━━ Extracted information

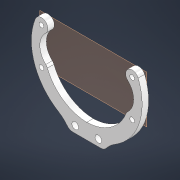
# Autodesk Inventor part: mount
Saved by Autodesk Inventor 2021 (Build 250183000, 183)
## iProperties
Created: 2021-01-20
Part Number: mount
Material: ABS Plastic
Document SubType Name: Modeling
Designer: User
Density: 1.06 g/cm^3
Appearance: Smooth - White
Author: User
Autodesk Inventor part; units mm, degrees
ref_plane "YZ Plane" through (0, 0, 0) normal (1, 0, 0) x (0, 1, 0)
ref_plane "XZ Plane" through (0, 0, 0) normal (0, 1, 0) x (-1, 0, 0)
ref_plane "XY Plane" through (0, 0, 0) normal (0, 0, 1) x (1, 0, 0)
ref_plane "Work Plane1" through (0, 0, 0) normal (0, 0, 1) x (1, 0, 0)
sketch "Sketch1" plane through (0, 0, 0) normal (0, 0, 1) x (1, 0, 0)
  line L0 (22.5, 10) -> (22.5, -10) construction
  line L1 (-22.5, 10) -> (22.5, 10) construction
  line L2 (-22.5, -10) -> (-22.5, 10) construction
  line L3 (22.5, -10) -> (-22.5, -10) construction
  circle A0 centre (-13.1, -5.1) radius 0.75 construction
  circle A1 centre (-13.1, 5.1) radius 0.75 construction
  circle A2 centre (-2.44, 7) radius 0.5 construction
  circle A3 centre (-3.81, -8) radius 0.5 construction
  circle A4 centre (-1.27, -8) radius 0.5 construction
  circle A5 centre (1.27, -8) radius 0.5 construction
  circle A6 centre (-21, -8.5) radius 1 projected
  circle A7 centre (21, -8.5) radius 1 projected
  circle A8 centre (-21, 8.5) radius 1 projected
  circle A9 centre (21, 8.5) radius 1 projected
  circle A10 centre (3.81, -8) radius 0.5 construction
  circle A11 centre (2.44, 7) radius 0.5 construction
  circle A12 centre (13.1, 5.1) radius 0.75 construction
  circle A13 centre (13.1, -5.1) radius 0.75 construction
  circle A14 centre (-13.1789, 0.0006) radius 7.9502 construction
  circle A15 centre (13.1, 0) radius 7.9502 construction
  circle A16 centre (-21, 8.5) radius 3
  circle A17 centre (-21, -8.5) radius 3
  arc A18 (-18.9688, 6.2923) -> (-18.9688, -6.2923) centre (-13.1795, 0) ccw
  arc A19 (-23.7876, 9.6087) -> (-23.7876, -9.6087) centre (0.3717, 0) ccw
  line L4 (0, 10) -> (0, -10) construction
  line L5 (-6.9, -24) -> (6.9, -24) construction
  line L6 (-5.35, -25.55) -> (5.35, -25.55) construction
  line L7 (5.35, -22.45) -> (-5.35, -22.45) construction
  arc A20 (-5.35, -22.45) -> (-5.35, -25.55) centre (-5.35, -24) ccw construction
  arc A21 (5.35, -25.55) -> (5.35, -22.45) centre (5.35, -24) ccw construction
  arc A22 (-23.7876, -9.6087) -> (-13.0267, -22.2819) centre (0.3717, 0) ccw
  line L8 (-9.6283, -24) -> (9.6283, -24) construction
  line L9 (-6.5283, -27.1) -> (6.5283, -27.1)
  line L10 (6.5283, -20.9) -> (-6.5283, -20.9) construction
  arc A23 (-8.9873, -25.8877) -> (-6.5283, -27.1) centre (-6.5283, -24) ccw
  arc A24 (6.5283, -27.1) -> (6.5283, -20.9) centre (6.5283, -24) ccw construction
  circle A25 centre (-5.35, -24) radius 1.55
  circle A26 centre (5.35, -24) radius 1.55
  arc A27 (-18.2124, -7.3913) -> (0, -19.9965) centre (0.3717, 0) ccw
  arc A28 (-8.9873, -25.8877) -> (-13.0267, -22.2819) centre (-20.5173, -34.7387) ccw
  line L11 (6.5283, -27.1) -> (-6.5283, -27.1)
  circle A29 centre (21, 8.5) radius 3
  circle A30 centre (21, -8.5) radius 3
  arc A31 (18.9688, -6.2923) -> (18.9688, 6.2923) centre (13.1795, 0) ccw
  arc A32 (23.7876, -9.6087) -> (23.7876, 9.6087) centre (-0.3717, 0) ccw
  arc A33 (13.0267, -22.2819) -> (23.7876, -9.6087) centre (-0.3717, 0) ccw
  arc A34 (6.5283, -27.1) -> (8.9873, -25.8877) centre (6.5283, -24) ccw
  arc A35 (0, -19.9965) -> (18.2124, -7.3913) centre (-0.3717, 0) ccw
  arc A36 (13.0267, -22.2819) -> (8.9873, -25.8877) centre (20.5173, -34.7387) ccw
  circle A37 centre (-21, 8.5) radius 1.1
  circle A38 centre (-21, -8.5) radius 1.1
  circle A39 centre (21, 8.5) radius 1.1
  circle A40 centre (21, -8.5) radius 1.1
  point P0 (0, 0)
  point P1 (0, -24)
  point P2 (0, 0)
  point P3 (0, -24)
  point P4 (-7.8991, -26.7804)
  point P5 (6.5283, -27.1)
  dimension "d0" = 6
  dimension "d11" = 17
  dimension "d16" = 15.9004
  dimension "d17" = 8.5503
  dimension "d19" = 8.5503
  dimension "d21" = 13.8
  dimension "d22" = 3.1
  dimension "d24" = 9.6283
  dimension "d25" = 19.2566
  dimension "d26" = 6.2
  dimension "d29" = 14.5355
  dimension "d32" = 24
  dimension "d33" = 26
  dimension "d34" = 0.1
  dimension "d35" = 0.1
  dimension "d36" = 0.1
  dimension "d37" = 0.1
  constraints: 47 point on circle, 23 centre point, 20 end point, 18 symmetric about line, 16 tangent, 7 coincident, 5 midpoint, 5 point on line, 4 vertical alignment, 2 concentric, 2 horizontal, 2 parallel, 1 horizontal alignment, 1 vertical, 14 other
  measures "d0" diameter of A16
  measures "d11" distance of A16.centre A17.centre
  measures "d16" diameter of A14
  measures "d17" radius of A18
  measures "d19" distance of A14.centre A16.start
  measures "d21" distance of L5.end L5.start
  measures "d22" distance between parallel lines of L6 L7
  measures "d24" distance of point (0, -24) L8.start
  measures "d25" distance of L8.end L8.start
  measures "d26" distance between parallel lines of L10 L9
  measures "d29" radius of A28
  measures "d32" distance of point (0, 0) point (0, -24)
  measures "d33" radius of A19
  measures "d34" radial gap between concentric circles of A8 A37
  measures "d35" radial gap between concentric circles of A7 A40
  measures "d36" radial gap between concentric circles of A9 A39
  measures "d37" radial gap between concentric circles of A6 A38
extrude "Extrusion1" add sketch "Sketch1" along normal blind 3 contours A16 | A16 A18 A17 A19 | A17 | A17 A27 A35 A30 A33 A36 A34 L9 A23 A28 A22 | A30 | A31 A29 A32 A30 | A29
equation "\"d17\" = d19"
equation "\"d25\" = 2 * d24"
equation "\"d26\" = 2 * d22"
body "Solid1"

━━━━

→ Exercise instructions: Copy out the entries exactly. No pictures.

→ Written reply:
# Autodesk Inventor part: mount
Saved by Autodesk Inventor 2021 (Build 250183000, 183)
## iProperties
Created: 2021-01-20
Part Number: mount
Material: ABS Plastic
Document SubType Name: Modeling
Designer: User
Density: 1.06 g/cm^3
Appearance: Smooth - White
Author: User
Autodesk Inventor part; units mm, degrees
ref_plane "YZ Plane" through (0, 0, 0) normal (1, 0, 0) x (0, 1, 0)
ref_plane "XZ Plane" through (0, 0, 0) normal (0, 1, 0) x (-1, 0, 0)
ref_plane "XY Plane" through (0, 0, 0) normal (0, 0, 1) x (1, 0, 0)
ref_plane "Work Plane1" through (0, 0, 0) normal (0, 0, 1) x (1, 0, 0)
sketch "Sketch1" plane through (0, 0, 0) normal (0, 0, 1) x (1, 0, 0)
  line L0 (22.5, 10) -> (22.5, -10) construction
  line L1 (-22.5, 10) -> (22.5, 10) construction
  line L2 (-22.5, -10) -> (-22.5, 10) construction
  line L3 (22.5, -10) -> (-22.5, -10) construction
  circle A0 centre (-13.1, -5.1) radius 0.75 construction
  circle A1 centre (-13.1, 5.1) radius 0.75 construction
  circle A2 centre (-2.44, 7) radius 0.5 construction
  circle A3 centre (-3.81, -8) radius 0.5 construction
  circle A4 centre (-1.27, -8) radius 0.5 construction
  circle A5 centre (1.27, -8) radius 0.5 construction
  circle A6 centre (-21, -8.5) radius 1 projected
  circle A7 centre (21, -8.5) radius 1 projected
  circle A8 centre (-21, 8.5) radius 1 projected
  circle A9 centre (21, 8.5) radius 1 projected
  circle A10 centre (3.81, -8) radius 0.5 construction
  circle A11 centre (2.44, 7) radius 0.5 construction
  circle A12 centre (13.1, 5.1) radius 0.75 construction
  circle A13 centre (13.1, -5.1) radius 0.75 construction
  circle A14 centre (-13.1789, 0.0006) radius 7.9502 construction
  circle A15 centre (13.1, 0) radius 7.9502 construction
  circle A16 centre (-21, 8.5) radius 3
  circle A17 centre (-21, -8.5) radius 3
  arc A18 (-18.9688, 6.2923) -> (-18.9688, -6.2923) centre (-13.1795, 0) ccw
  arc A19 (-23.7876, 9.6087) -> (-23.7876, -9.6087) centre (0.3717, 0) ccw
  line L4 (0, 10) -> (0, -10) construction
  line L5 (-6.9, -24) -> (6.9, -24) construction
  line L6 (-5.35, -25.55) -> (5.35, -25.55) construction
  line L7 (5.35, -22.45) -> (-5.35, -22.45) construction
  arc A20 (-5.35, -22.45) -> (-5.35, -25.55) centre (-5.35, -24) ccw construction
  arc A21 (5.35, -25.55) -> (5.35, -22.45) centre (5.35, -24) ccw construction
  arc A22 (-23.7876, -9.6087) -> (-13.0267, -22.2819) centre (0.3717, 0) ccw
  line L8 (-9.6283, -24) -> (9.6283, -24) construction
  line L9 (-6.5283, -27.1) -> (6.5283, -27.1)
  line L10 (6.5283, -20.9) -> (-6.5283, -20.9) construction
  arc A23 (-8.9873, -25.8877) -> (-6.5283, -27.1) centre (-6.5283, -24) ccw
  arc A24 (6.5283, -27.1) -> (6.5283, -20.9) centre (6.5283, -24) ccw construction
  circle A25 centre (-5.35, -24) radius 1.55
  circle A26 centre (5.35, -24) radius 1.55
  arc A27 (-18.2124, -7.3913) -> (0, -19.9965) centre (0.3717, 0) ccw
  arc A28 (-8.9873, -25.8877) -> (-13.0267, -22.2819) centre (-20.5173, -34.7387) ccw
  line L11 (6.5283, -27.1) -> (-6.5283, -27.1)
  circle A29 centre (21, 8.5) radius 3
  circle A30 centre (21, -8.5) radius 3
  arc A31 (18.9688, -6.2923) -> (18.9688, 6.2923) centre (13.1795, 0) ccw
  arc A32 (23.7876, -9.6087) -> (23.7876, 9.6087) centre (-0.3717, 0) ccw
  arc A33 (13.0267, -22.2819) -> (23.7876, -9.6087) centre (-0.3717, 0) ccw
  arc A34 (6.5283, -27.1) -> (8.9873, -25.8877) centre (6.5283, -24) ccw
  arc A35 (0, -19.9965) -> (18.2124, -7.3913) centre (-0.3717, 0) ccw
  arc A36 (13.0267, -22.2819) -> (8.9873, -25.8877) centre (20.5173, -34.7387) ccw
  circle A37 centre (-21, 8.5) radius 1.1
  circle A38 centre (-21, -8.5) radius 1.1
  circle A39 centre (21, 8.5) radius 1.1
  circle A40 centre (21, -8.5) radius 1.1
  point P0 (0, 0)
  point P1 (0, -24)
  point P2 (0, 0)
  point P3 (0, -24)
  point P4 (-7.8991, -26.7804)
  point P5 (6.5283, -27.1)
  dimension "d0" = 6
  dimension "d11" = 17
  dimension "d16" = 15.9004
  dimension "d17" = 8.5503
  dimension "d19" = 8.5503
  dimension "d21" = 13.8
  dimension "d22" = 3.1
  dimension "d24" = 9.6283
  dimension "d25" = 19.2566
  dimension "d26" = 6.2
  dimension "d29" = 14.5355
  dimension "d32" = 24
  dimension "d33" = 26
  dimension "d34" = 0.1
  dimension "d35" = 0.1
  dimension "d36" = 0.1
  dimension "d37" = 0.1
  constraints: 47 point on circle, 23 centre point, 20 end point, 18 symmetric about line, 16 tangent, 7 coincident, 5 midpoint, 5 point on line, 4 vertical alignment, 2 concentric, 2 horizontal, 2 parallel, 1 horizontal alignment, 1 vertical, 14 other
  measures "d0" diameter of A16
  measures "d11" distance of A16.centre A17.centre
  measures "d16" diameter of A14
  measures "d17" radius of A18
  measures "d19" distance of A14.centre A16.start
  measures "d21" distance of L5.end L5.start
  measures "d22" distance between parallel lines of L6 L7
  measures "d24" distance of point (0, -24) L8.start
  measures "d25" distance of L8.end L8.start
  measures "d26" distance between parallel lines of L10 L9
  measures "d29" radius of A28
  measures "d32" distance of point (0, 0) point (0, -24)
  measures "d33" radius of A19
  measures "d34" radial gap between concentric circles of A8 A37
  measures "d35" radial gap between concentric circles of A7 A40
  measures "d36" radial gap between concentric circles of A9 A39
  measures "d37" radial gap between concentric circles of A6 A38
extrude "Extrusion1" add sketch "Sketch1" along normal blind 3 contours A16 | A16 A18 A17 A19 | A17 | A17 A27 A35 A30 A33 A36 A34 L9 A23 A28 A22 | A30 | A31 A29 A32 A30 | A29
equation "\"d17\" = d19"
equation "\"d25\" = 2 * d24"
equation "\"d26\" = 2 * d22"
body "Solid1"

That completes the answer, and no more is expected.